▸ ASSIGNED TASK
Check each line of the data for "DIRECTION" and select those that have it.

▸ DATA FOR THIS EXERCISE
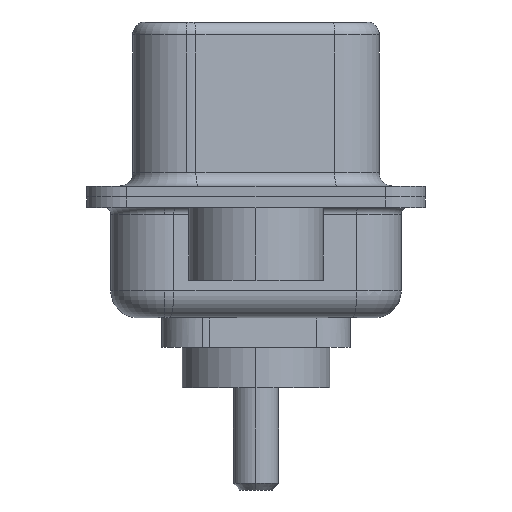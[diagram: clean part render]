
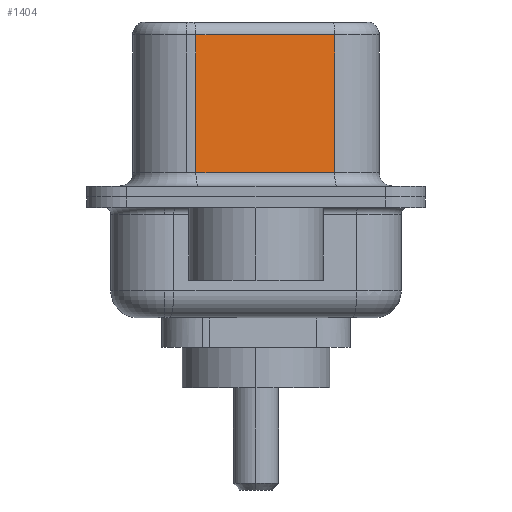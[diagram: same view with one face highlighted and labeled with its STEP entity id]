
A CAD part, left-side view. The second image highlights one B-rep face of the part: STEP entity #1404.
In plain terms, the highlighted planar face has unit normal (-0.985, -0.174, 0).
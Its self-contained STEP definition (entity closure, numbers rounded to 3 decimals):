
#311 = LINE ( 'NONE', #2716, #11120 ) ;
#965 = EDGE_CURVE ( 'NONE', #11096, #9778, #311, .T. ) ;
#1155 = LINE ( 'NONE', #2677, #15284 ) ;
#1404 = ADVANCED_FACE ( 'NONE', ( #9535 ), #1729, .F. ) ;
#1729 = PLANE ( 'NONE',  #4627 ) ;
#1984 = DIRECTION ( 'NONE',  ( 0.174, -0.985, 0. ) ) ;
#2677 = CARTESIAN_POINT ( 'NONE',  ( 3.655, 2.233, 6.52 ) ) ;
#2716 = CARTESIAN_POINT ( 'NONE',  ( 4.565, -2.927, 6.52 ) ) ;
#2934 = VECTOR ( 'NONE', #12790, 1000. ) ;
#4380 = CARTESIAN_POINT ( 'NONE',  ( 4.565, -2.927, 6.02 ) ) ;
#4627 = AXIS2_PLACEMENT_3D ( 'NONE', #11922, #11480, #8474 ) ;
#5665 = CARTESIAN_POINT ( 'NONE',  ( 4.565, -2.927, 6.02 ) ) ;
#6180 = LINE ( 'NONE', #4380, #2934 ) ;
#6729 = VERTEX_POINT ( 'NONE', #16366 ) ;
#8474 = DIRECTION ( 'NONE',  ( -0.174, 0.985, 0. ) ) ;
#8933 = EDGE_CURVE ( 'NONE', #11096, #6729, #6180, .T. ) ;
#9072 = CARTESIAN_POINT ( 'NONE',  ( 3.655, 2.233, 0.9 ) ) ;
#9180 = EDGE_CURVE ( 'NONE', #15372, #9778, #10183, .T. ) ;
#9535 = FACE_OUTER_BOUND ( 'NONE', #16467, .T. ) ;
#9778 = VERTEX_POINT ( 'NONE', #11574 ) ;
#10183 = LINE ( 'NONE', #13221, #13910 ) ;
#10190 = ORIENTED_EDGE ( 'NONE', *, *, #18308, .T. ) ;
#11096 = VERTEX_POINT ( 'NONE', #5665 ) ;
#11120 = VECTOR ( 'NONE', #15389, 1000. ) ;
#11480 = DIRECTION ( 'NONE',  ( 0.985, 0.174, 0. ) ) ;
#11574 = CARTESIAN_POINT ( 'NONE',  ( 4.565, -2.927, 0.9 ) ) ;
#11922 = CARTESIAN_POINT ( 'NONE',  ( 4.565, -2.927, 6.52 ) ) ;
#12036 = ORIENTED_EDGE ( 'NONE', *, *, #965, .F. ) ;
#12501 = DIRECTION ( 'NONE',  ( 0., 0., -1. ) ) ;
#12790 = DIRECTION ( 'NONE',  ( -0.174, 0.985, 0. ) ) ;
#13197 = ORIENTED_EDGE ( 'NONE', *, *, #8933, .T. ) ;
#13221 = CARTESIAN_POINT ( 'NONE',  ( 4.565, -2.927, 0.9 ) ) ;
#13910 = VECTOR ( 'NONE', #1984, 1000. ) ;
#13940 = ORIENTED_EDGE ( 'NONE', *, *, #9180, .T. ) ;
#15284 = VECTOR ( 'NONE', #12501, 1000. ) ;
#15372 = VERTEX_POINT ( 'NONE', #9072 ) ;
#15389 = DIRECTION ( 'NONE',  ( 0., 0., -1. ) ) ;
#16366 = CARTESIAN_POINT ( 'NONE',  ( 3.655, 2.233, 6.02 ) ) ;
#16467 = EDGE_LOOP ( 'NONE', ( #12036, #13197, #10190, #13940 ) ) ;
#18308 = EDGE_CURVE ( 'NONE', #6729, #15372, #1155, .T. ) ;

▸ TASK ANSWER
#1984 = DIRECTION ( 'NONE',  ( 0.174, -0.985, 0. ) ) ;
#8474 = DIRECTION ( 'NONE',  ( -0.174, 0.985, 0. ) ) ;
#11480 = DIRECTION ( 'NONE',  ( 0.985, 0.174, 0. ) ) ;
#12501 = DIRECTION ( 'NONE',  ( 0., 0., -1. ) ) ;
#12790 = DIRECTION ( 'NONE',  ( -0.174, 0.985, 0. ) ) ;
#15389 = DIRECTION ( 'NONE',  ( 0., 0., -1. ) ) ;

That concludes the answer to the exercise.